Myelin-associated inhibitors of axon growth, including Nogo, MAG and OMgp, have been the subject of intense research to promote axonal repair after spinal cord injury. Different definitions of axon sprouting vs. regeneration, the technical difficulty in distinguishing sprouting and regenerating axons and variable degrees of axon sparing in different studies are at least partly responsible for some of the discrepant findings. There seems to be a general consensus that myelin-associated inhibitors, namely Nogo, MAG and OMgp, do in fact inhibit axonal growth.

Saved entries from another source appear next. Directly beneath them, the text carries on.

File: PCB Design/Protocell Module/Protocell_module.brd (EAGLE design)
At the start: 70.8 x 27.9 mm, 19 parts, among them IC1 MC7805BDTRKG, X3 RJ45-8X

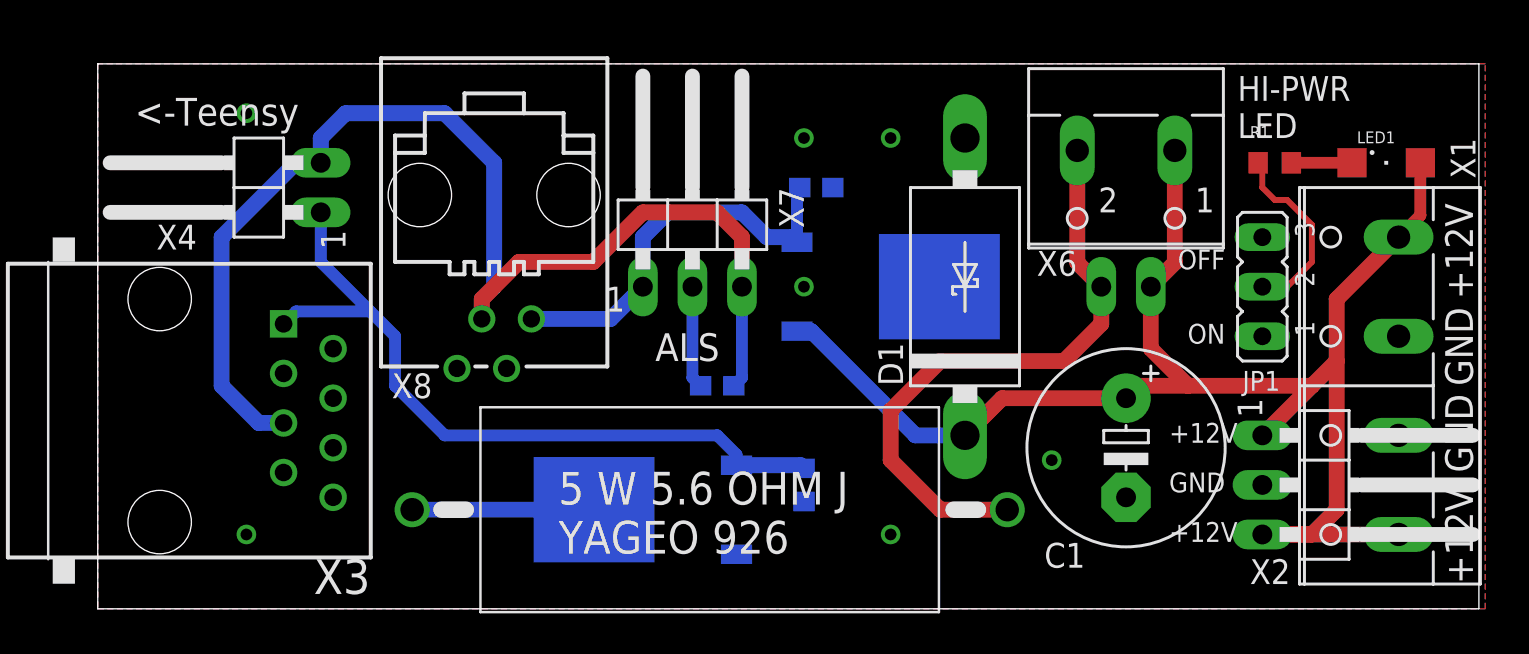
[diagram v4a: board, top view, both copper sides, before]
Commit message: Added labels to silkscreen
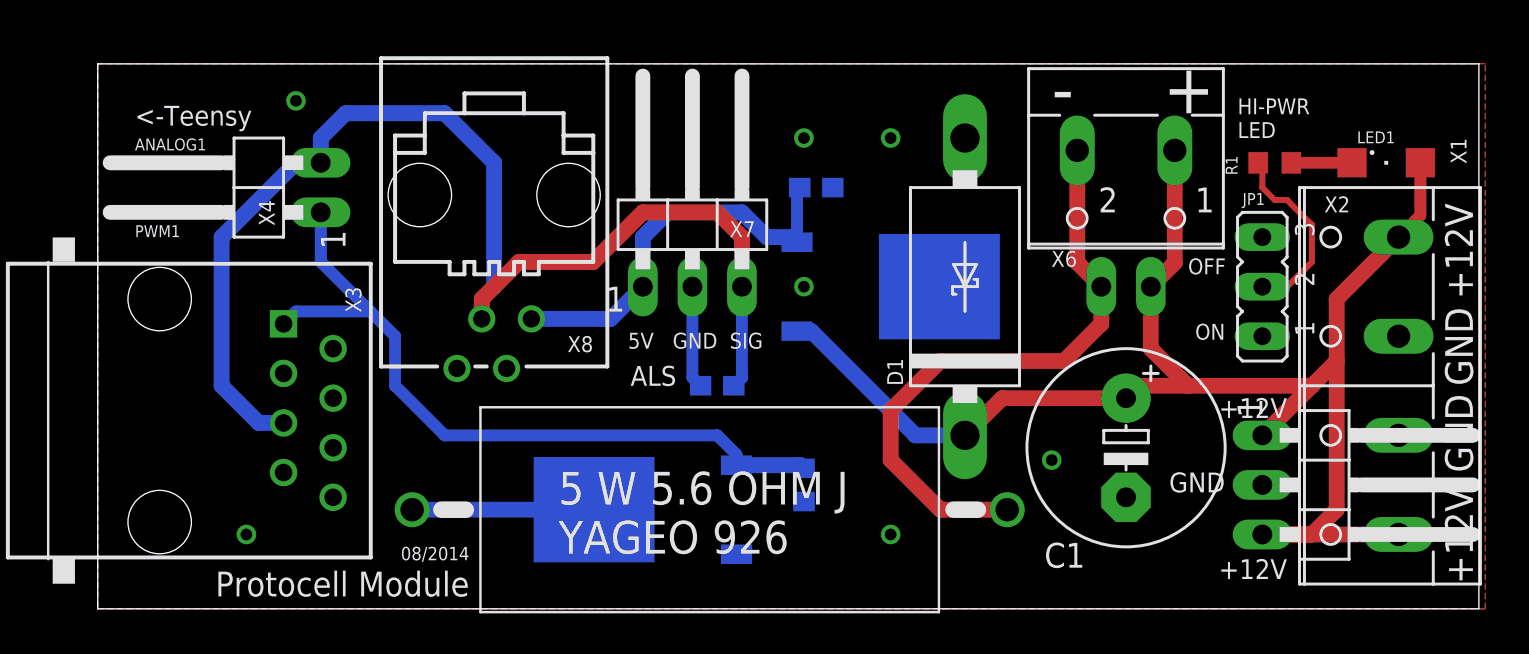
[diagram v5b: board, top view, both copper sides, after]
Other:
- board text added: "+"
- board text added: "-"
- board text added: "08/2014"
- board text added: "5V"
- board text added: "ANALOG1"
- board text added: "PWM1"
- board text added: "Protocell Module"
- board text added: "SIG"
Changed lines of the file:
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@@
 <wire x1="70.79" y1="27.93" x2="0" y2="27.93" width="0" layer="20"/>
 <wire x1="0" y1="27.93" x2="0" y2="0" width="0" layer="20"/>
-<text x="1.905" y="24.765" size="1.4224" layer="21" ratio="17">&lt;-Teensy</text>
+<text x="1.905" y="24.765" size="1.016" layer="21" ratio="17">&lt;-Teensy</text>
 <text x="70.485" y="15.875" size="1.4224" layer="21" ratio="17" rot="R90">+12V</text>
 <text x="70.485" y="1.27" size="1.4224" layer="21" ratio="17" rot="R90">+12V</text>
@@
 <text x="70.485" y="5.715" size="1.4224" layer="22" ratio="17" rot="MR270">+12V</text>
 <text x="70.485" y="20.955" size="1.4224" layer="22" ratio="17" rot="MR270">+12V</text>
-<text x="58.42" y="24.13" size="1.27" layer="21" ratio="17">HI-PWR
+<text x="58.42" y="24.13" size="0.8128" layer="21" ratio="17">HI-PWR
 LED</text>
-<text x="28.575" y="12.7" size="1.4224" layer="21" ratio="17">ALS</text>
+<text x="27.305" y="11.43" size="1.016" layer="21" ratio="17">ALS</text>
 <text x="57.785" y="5.715" size="1.016" layer="22" ratio="17" rot="MR0">GND</text>
 <text x="57.785" y="6.985" size="1.016" layer="21" ratio="17" rot="R180">GND</text>
-<text x="58.42" y="4.445" size="1.016" layer="21" ratio="17" rot="R180">+12V</text>
-<text x="58.42" y="9.525" size="1.016" layer="21" ratio="17" rot="R180">+12V</text>
+<text x="60.96" y="2.54" size="1.016" layer="21" ratio="17" rot="R180">+12V</text>
+<text x="60.96" y="10.795" size="1.016" layer="21" ratio="17" rot="R180">+12V</text>
 <text x="57.785" y="8.255" size="1.016" layer="22" ratio="17" rot="MR0">+12V</text>
 <text x="57.785" y="3.175" size="1.016" layer="22" ratio="17" rot="MR0">+12V</text>
-<text x="57.785" y="14.605" size="1.016" layer="21" ratio="17" rot="R180">ON</text>
-<text x="57.785" y="18.415" size="1.016" layer="21" ratio="17" rot="R180">OFF</text>
+<text x="57.785" y="14.605" size="0.8128" layer="21" ratio="17" rot="R180">ON</text>
+<text x="55.88" y="17.145" size="0.8128" layer="21" ratio="17">OFF</text>
+<text x="19.05" y="1.905" size="1.27" layer="21" font="vector" ratio="15" rot="R180">Protocell Module</text>
+<text x="19.05" y="3.175" size="0.6858" layer="21" font="vector" ratio="10" rot="R180">08/2014</text>
+<text x="31.75" y="22.86" size="0.8128" layer="22" font="vector" ratio="10" rot="MR0">08/2014</text>
+<text x="31.75" y="24.765" size="1.27" layer="22" font="vector" ratio="15" rot="MR0">Protocell Module</text>
+<text x="54.61" y="25.4" size="2.54" layer="21" font="vector" ratio="20">+</text>
+<text x="56.515" y="25.4" size="2.54" layer="22" font="vector" ratio="20" rot="MR0">+</text>
+<text x="50.8" y="25.4" size="2.54" layer="22" font="vector" ratio="20" rot="MR0">-</text>
+<text x="48.895" y="25.4" size="2.54" layer="21" font="vector" ratio="20">-</text>
+<text x="32.385" y="13.335" size="0.8128" layer="21" font="vector" ratio="6">SIG</text>
+<text x="29.464" y="13.335" size="0.8128" layer="21" font="vector" ratio="6">GND</text>
+<text x="27.178" y="13.335" size="0.8128" layer="21" font="vector" ratio="6">5V</text>
+<text x="28.702" y="13.335" size="0.8128" layer="22" font="vector" ratio="6" rot="MR0">5V</text>
+<text x="31.496" y="13.335" size="0.8128" layer="22" font="vector" ratio="6" rot="MR0">GND</text>
+<text x="34.29" y="13.335" size="0.8128" layer="22" font="vector" ratio="6" rot="MR0">SIG</text>
+<text x="1.905" y="19.05" size="0.6096" layer="21" font="vector" ratio="6">PWM1</text>
+<text x="1.905" y="23.495" size="0.6096" layer="21" font="vector" ratio="6">ANALOG1</text>
+<text x="5.715" y="23.495" size="0.6096" layer="22" font="vector" ratio="6" rot="MR0">ANALOG1</text>
+<text x="4.445" y="19.05" size="0.6096" layer="22" font="vector" ratio="6" rot="MR0">PWM1</text>
 </plain>
 <attributes>
@@
 </element>
 <element name="C2" library="rcl" package="C0603" value="1uF" x="36.83" y="21.59" smashed="yes" rot="MR180">
-<attribute name="NAME" x="36.195" y="23.495" size="1.27" layer="26" rot="MR180"/>
-<attribute name="VALUE" x="34.925" y="20.955" size="1.27" layer="28" rot="MR180"/>
+<attribute name="NAME" x="36.195" y="23.495" size="0.8128" layer="26" rot="MR180"/>
+<attribute name="VALUE" x="35.56" y="20.32" size="0.8128" layer="28" rot="MR180"/>
 </element>
 <element name="X8" library="CBLA_Test_bed_Library" package="558872-1" value="" x="20.32" y="20.32" smashed="yes" rot="R180">
@@
 <attribute name="MF" value="TYCO ELECTRONICS" x="20.32" y="20.32" size="1.778" layer="27" rot="R180" display="off"/>
 <attribute name="OC_FARNELL" value="1557674" x="20.32" y="20.32" size="1.778" layer="27" rot="R180" display="off"/>
-<attribute name="NAME" x="17.145" y="12.065" size="1.27" layer="25" rot="R180"/>
+<attribute name="NAME" x="25.4" y="13.97" size="0.8128" layer="25" rot="R180"/>
 <attribute name="VALUE" x="11.176" y="25.4" size="1.778" layer="27" rot="R270"/>
 </element>
@@
 <attribute name="MF" value="" x="3.175" y="10.16" size="1.778" layer="27" rot="R270" display="off"/>
 <attribute name="OC_FARNELL" value="unknown" x="3.175" y="10.16" size="1.778" layer="27" rot="R270" display="off"/>
-<attribute name="NAME" x="13.97" y="2.54" size="1.778" layer="25" rot="R180"/>
+<attribute name="NAME" x="12.7" y="16.51" size="0.8128" layer="25" rot="R270"/>
 <attribute name="VALUE" x="5.715" y="15.875" size="1.778" layer="27" rot="R270"/>
 </element>
 <element name="T1" library="CBLA_Test_bed_Library" package="DPACK" value="" x="27.94" y="5.08" smashed="yes" rot="MR270">
-<attribute name="NAME" x="22.225" y="1.27" size="1.27" layer="26" rot="MR0"/>
+<attribute name="NAME" x="22.225" y="1.27" size="0.8128" layer="26" rot="MR0"/>
 <attribute name="VALUE" x="30.48" y="0" size="1.27" layer="28" rot="MR0"/>
 </element>
@@
 <attribute name="OC_FARNELL" value="unknown" x="52.705" y="22.225" size="1.778" layer="27" rot="R180" display="off"/>
 <attribute name="VALUE" x="57.745" y="29.845" size="1.27" layer="27" ratio="10" rot="R180"/>
-<attribute name="NAME" x="50.2012" y="18.3388" size="1.27" layer="25" ratio="10" rot="R180"/>
+<attribute name="NAME" x="50.2012" y="18.3388" size="0.8128" layer="25" ratio="10" rot="R180"/>
 </element>
 <element name="IC1" library="CBLA_Test_bed_Library" package="DPACK_3" value="MC7805BDTRKG" x="40.64" y="16.51" smashed="yes" rot="MR90">
@@
 </element>
 <element name="X7" library="CBLA_Test_bed_Library" package="1X03/90" value="" x="30.48" y="20.32" smashed="yes">
-<attribute name="NAME" x="34.925" y="21.59" size="1.27" layer="25" ratio="10" rot="R270"/>
+<attribute name="NAME" x="32.385" y="19.05" size="0.8128" layer="25" ratio="10"/>
 <attribute name="VALUE" x="36.195" y="16.51" size="1.27" layer="27" rot="R90"/>
 </element>
 <element name="X4" library="CBLA_Test_bed_Library" package="1X02/90" value="" x="7.62" y="21.59" smashed="yes" rot="R90">
-<attribute name="NAME" x="5.08" y="19.685" size="1.27" layer="25" ratio="10" rot="R180"/>
+<attribute name="NAME" x="8.255" y="20.955" size="0.8128" layer="25" ratio="10" rot="R270"/>
 <attribute name="VALUE" x="11.43" y="26.035" size="1.27" layer="27" rot="R180"/>
 </element>
 <element name="X5" library="CBLA_Test_bed_Library" package="1X02/90" value="" x="52.705" y="20.32" smashed="yes" rot="MR0">
-<attribute name="NAME" x="57.785" y="19.05" size="1.27" layer="26" ratio="10" rot="MR0"/>
+<attribute name="NAME" x="57.785" y="19.05" size="0.8128" layer="26" ratio="10" rot="MR0"/>
 <attribute name="VALUE" x="48.26" y="16.51" size="1.27" layer="28" rot="MR90"/>
 </element>
 <element name="X2" library="CBLA_Test_bed_Library" package="1X03/90" value="" x="63.5" y="6.35" smashed="yes" rot="R270">
-<attribute name="NAME" x="59.055" y="1.27" size="1.27" layer="25" ratio="10"/>
+<attribute name="NAME" x="62.865" y="20.32" size="0.8128" layer="25" ratio="10"/>
 <attribute name="VALUE" x="59.69" y="0.635" size="1.27" layer="27"/>
 </element>
 <element name="D1" library="CBLA_Test_bed_Library" package="DO201T15" value="SB540E-G" x="44.45" y="16.51" smashed="yes" rot="R90">
-<attribute name="NAME" x="41.275" y="11.43" size="1.27" layer="25" ratio="10" rot="R90"/>
+<attribute name="NAME" x="41.275" y="11.43" size="0.8128" layer="25" ratio="10" rot="R90"/>
 <attribute name="VALUE" x="46.609" y="13.97" size="0.6096" layer="27" ratio="10" rot="R90"/>
 </element>
@@
 </element>
 <element name="R1" library="CBLA_Test_bed_Library" package="R0603" value="470" x="60.325" y="22.86" smashed="yes">
-<attribute name="NAME" x="59.055" y="24.13" size="0.6096" layer="25"/>
-<attribute name="VALUE" x="59.055" y="20.955" size="0.6096" layer="27"/>
+<attribute name="NAME" x="58.42" y="22.225" size="0.6096" layer="25" rot="R90"/>
+<attribute name="VALUE" x="62.865" y="22.225" size="0.6096" layer="27" rot="R90"/>
 </element>
 <element name="X1" library="con-wago-508" package="W237-4P" value="" x="66.04" y="11.43" smashed="yes" rot="R90">
@@
 <attribute name="OC_FARNELL" value="unknown" x="93.98" y="11.43" size="1.778" layer="27" rot="R90" display="off"/>
 <attribute name="VALUE" x="70.358" y="2.54" size="1.27" layer="27" ratio="10" rot="R90"/>
-<attribute name="NAME" x="69.342" y="24.13" size="1.27" layer="25" ratio="10" rot="R270"/>
+<attribute name="NAME" x="69.342" y="24.13" size="0.8128" layer="25" ratio="10" rot="R270"/>
 </element>
 <element name="JP1" library="jumper" package="JP2" value="" x="59.69" y="16.51" smashed="yes" rot="R90">
-<attribute name="NAME" x="58.674" y="11.176" size="1.016" layer="25" ratio="10"/>
+<attribute name="NAME" x="58.674" y="20.701" size="0.6096" layer="25" ratio="10"/>
 <attribute name="VALUE" x="64.008" y="12.954" size="1.27" layer="27" ratio="10" rot="R90"/>
 </element>
@@
 <via x="48.895" y="7.62" extent="1-16" drill="0.6"/>
 <via x="36.195" y="16.51" extent="1-16" drill="0.6"/>
-<via x="7.62" y="25.4" extent="1-16" drill="0.6"/>
+<via x="10.16" y="26.035" extent="1-16" drill="0.6"/>
 <via x="7.62" y="3.81" extent="1-16" drill="0.6"/>
 </signal>

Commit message: Generated gerber files
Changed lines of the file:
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@@
 </class>
 </classes>
-<designrules name="default *">
-<description language="de">&lt;b&gt;EAGLE Design Rules&lt;/b&gt;
-&lt;p&gt;
-Die Standard-Design-Rules sind so gewählt, dass sie für
-die meisten Anwendungen passen. Sollte ihre Platine
-besondere Anforderungen haben, treffen Sie die erforderlichen
-Einstellungen hier und speichern die Design Rules unter
-einem neuen Namen ab.</description>
+<designrules name="SparkFun">
 <description language="en">&lt;b&gt;EAGLE Design Rules&lt;/b&gt;
 &lt;p&gt;
@@
 <param name="mtCopper" value="0.035mm 0.035mm 0.035mm 0.035mm 0.035mm 0.035mm 0.035mm 0.035mm 0.035mm 0.035mm 0.035mm 0.035mm 0.035mm 0.035mm 0.035mm 0.035mm"/>
 <param name="mtIsolate" value="1.5mm 0.15mm 0.2mm 0.15mm 0.2mm 0.15mm 0.2mm 0.15mm 0.2mm 0.15mm 0.2mm 0.15mm 0.2mm 0.15mm 0.2mm"/>
-<param name="mdWireWire" value="10mil"/>
-<param name="mdWirePad" value="10mil"/>
-<param name="mdWireVia" value="10mil"/>
-<param name="mdPadPad" value="10mil"/>
-<param name="mdPadVia" value="10mil"/>
-<param name="mdViaVia" value="10mil"/>
+<param name="mdWireWire" value="8mil"/>
+<param name="mdWirePad" value="8mil"/>
+<param name="mdWireVia" value="8mil"/>
+<param name="mdPadPad" value="8mil"/>
+<param name="mdPadVia" value="8mil"/>
+<param name="mdViaVia" value="8mil"/>
 <param name="mdSmdPad" value="8mil"/>
 <param name="mdSmdVia" value="8mil"/>
@@
 <param name="mdViaViaSameLayer" value="8mil"/>
 <param name="mnLayersViaInSmd" value="2"/>
-<param name="mdCopperDimension" value="40mil"/>
+<param name="mdCopperDimension" value="10mil"/>
 <param name="mdDrill" value="8mil"/>
 <param name="mdSmdStop" value="0mil"/>
-<param name="msWidth" value="10mil"/>
+<param name="msWidth" value="8mil"/>
 <param name="msDrill" value="20mil"/>
 <param name="msMicroVia" value="9.99mm"/>
@@
 <param name="rvMicroViaOuter" value="0.25"/>
 <param name="rvMicroViaInner" value="0.25"/>
-<param name="rlMinPadTop" value="10mil"/>
+<param name="rlMinPadTop" value="12mil"/>
 <param name="rlMaxPadTop" value="20mil"/>
 <param name="rlMinPadInner" value="10mil"/>
 <param name="rlMaxPadInner" value="20mil"/>
-<param name="rlMinPadBottom" value="10mil"/>
+<param name="rlMinPadBottom" value="12mil"/>
 <param name="rlMaxPadBottom" value="20mil"/>
-<param name="rlMinViaOuter" value="8mil"/>
+<param name="rlMinViaOuter" value="10mil"/>
 <param name="rlMaxViaOuter" value="20mil"/>
-<param name="rlMinViaInner" value="8mil"/>
+<param name="rlMinViaInner" value="10mil"/>
 <param name="rlMaxViaInner" value="20mil"/>
 <param name="rlMinMicroViaOuter" value="4mil"/>
@@
 <param name="mlMinCreamFrame" value="0mil"/>
 <param name="mlMaxCreamFrame" value="0mil"/>
-<param name="mlViaStopLimit" value="0mil"/>
+<param name="mlViaStopLimit" value="25mil"/>
 <param name="srRoundness" value="0"/>
 <param name="srMinRoundness" value="0mil"/>

The real division seems to occur when classifying the type of axonal growth that is affected by the experimental manipulations (i.e. axon regeneration vs. sprouting).

Practical Implications

Therapeutic Strategies

Understanding the mechanistic differences between sprouting and regeneration is crucial for developing effective therapeutic strategies for spinal cord injury.

Clinical Trials

Treating patients with complete spinal cord injury with treatments that primarily promote sprouting may lead to false negatives, delaying potential treatments for incomplete injuries.

Drug development

The complex roles of MAG cautions against a therapeutic strategy that indiscriminately targets all myelin-associated inhibitors and further underscore the importance of a thorough understanding of different myelin- associated inhibitors.

Study Limitations

1
Difficulty in distinguishing between regeneration and sprouting in experimental injury models.
2
Potential for axon sparing to complicate the analysis of axon regeneration.
3
Discrepancies in results from different laboratories attributed to variations in experimental manipulations and analyses.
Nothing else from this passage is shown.